Genau. Ich habe immer daran geglaubt, dass ich ein Filmemacher bin, und als Schauspieler fühlt es sich auch so an. Ich glaube nicht, dass wir uns einfach nur vor die Kamera stellen und unseren Text aufsagen. Schauspieler sind ein Teil des Prozesses, der Mittelteil. Natürlich gibt es Vorbereitungen mit dem Regisseur sowie Kostüme und Make-up, aber hauptsächlich arbeitet man als Schauspieler im Mittelteil des Entstehungsprozesses. Und ich wollte bis zum Schluss involviert sein. Die kreative Zusammenarbeit mit Kameraleuten, Kostümdesigner, Schauspielern und Cuttern ist eine Genugtuung. Ich wollte das gesamte Bild sehen und es nicht machen, damit ich mich im Fernsehen als Regissseur bezeichnen kann. Ich wollte es machen, weil ich eine Geschichte habe, die ich erzählen will und ich dachte, Silk wäre es.

Warum hat es denn damals doch nicht geklappt?
Ich habe Angst bekommen und mich nicht genug um die Filmrechte bemüht. Später habe ich die Dokumentation Deep Water gesehen, die später auch verfilmt wurde. Aber als ich die Dokumentation gesehen habe, dachte ich mir: Das ist es, das ist die richtige Geschichte. Und ich wünschte heute immer noch, ich hätte es gemacht. Es war eine unglaubliche Geschichte über ein Jachtrennen um die Welt, ohne Stopp im Jahr 1968 oder 1969. Es war eine unglaubliche, charakterbasierte Geschichte. Ich fand einen Produzenten und sprach mit einem Autor, der mich am nächsten Tag anrief und mir sagte: "Ewan, jemand macht bereits diesen Film."
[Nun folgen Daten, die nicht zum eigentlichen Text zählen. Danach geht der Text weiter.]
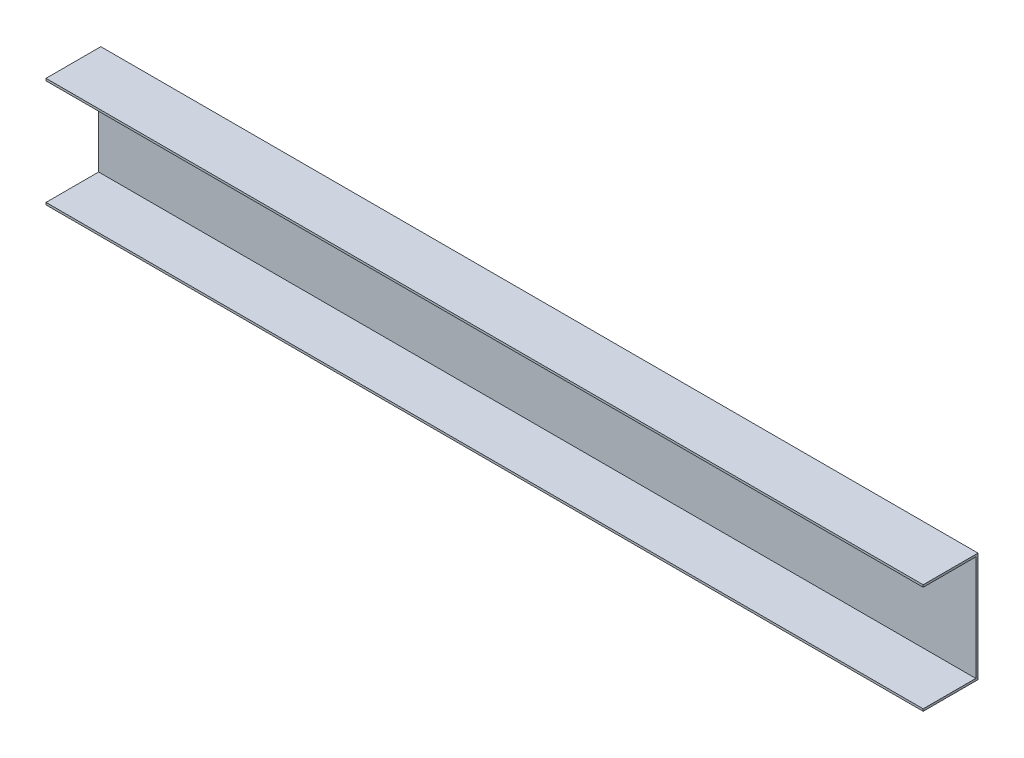
from build123d import *

# Parameters (mm, degrees)
EXTRUIR_L_MINA1_DEPTH = 800


with BuildPart() as part:
    # Croquis2 → Extruir-Lámina1 (new body)
    with BuildSketch(Plane(origin=(0, 0, 0), x_dir=(0, 0, -1), z_dir=(1, 0, 0))):
        Polygon((-50, -50), (0, -50), (0, 50), (-50, 50), (-50, 48), (-2, 48), (-2, -48), (-50, -48), align=None)
    extrude(amount=EXTRUIR_L_MINA1_DEPTH)


solid = part.part

Und wie bist du schliesslich zum Regiejob bei American Pastoral gekommen?
Als ich mich als Hauptdarsteller für den Film verpflichtet habe, hätte ich nie gedacht, dass ich Regie führen würde. Am Anfang hatten wir keinen Regisseur, und es hiess, dass sie jemanden finden würden. Neben mir waren auch Jennifer Connelly und Dakota Fanning gebunden, und nach ungefähr drei Jahren fand man einen Regisseur. 16 Monate später, im Winter 2014, ich war gerade für ein Stück in New York, erhielt ich einen Anruf und erfuhr, dass der Regisseur nicht mehr an Bord sei.

Was ist dann passiert?
Es sah so aus, als ob der Film nicht mehr entstehen würde, da Drehstart bereits für März 2015 geplant war. Ich sprach mit meiner Frau und sie meinte: "Du sollest es machen, du solltest Regie führen. Es ist genau vor deiner Nase. Du hast all die Jahre gewartet, hier ist es." Ich sprach dann mit Tom Rosenberg, dem Chef von Lake Shore, und schlug mich selbst für den Posten vor. Sie stimmten relativ schnell zu und verschoben den Drehstart auf September. Damit ich genug Zeit zur Vorbereitung habe.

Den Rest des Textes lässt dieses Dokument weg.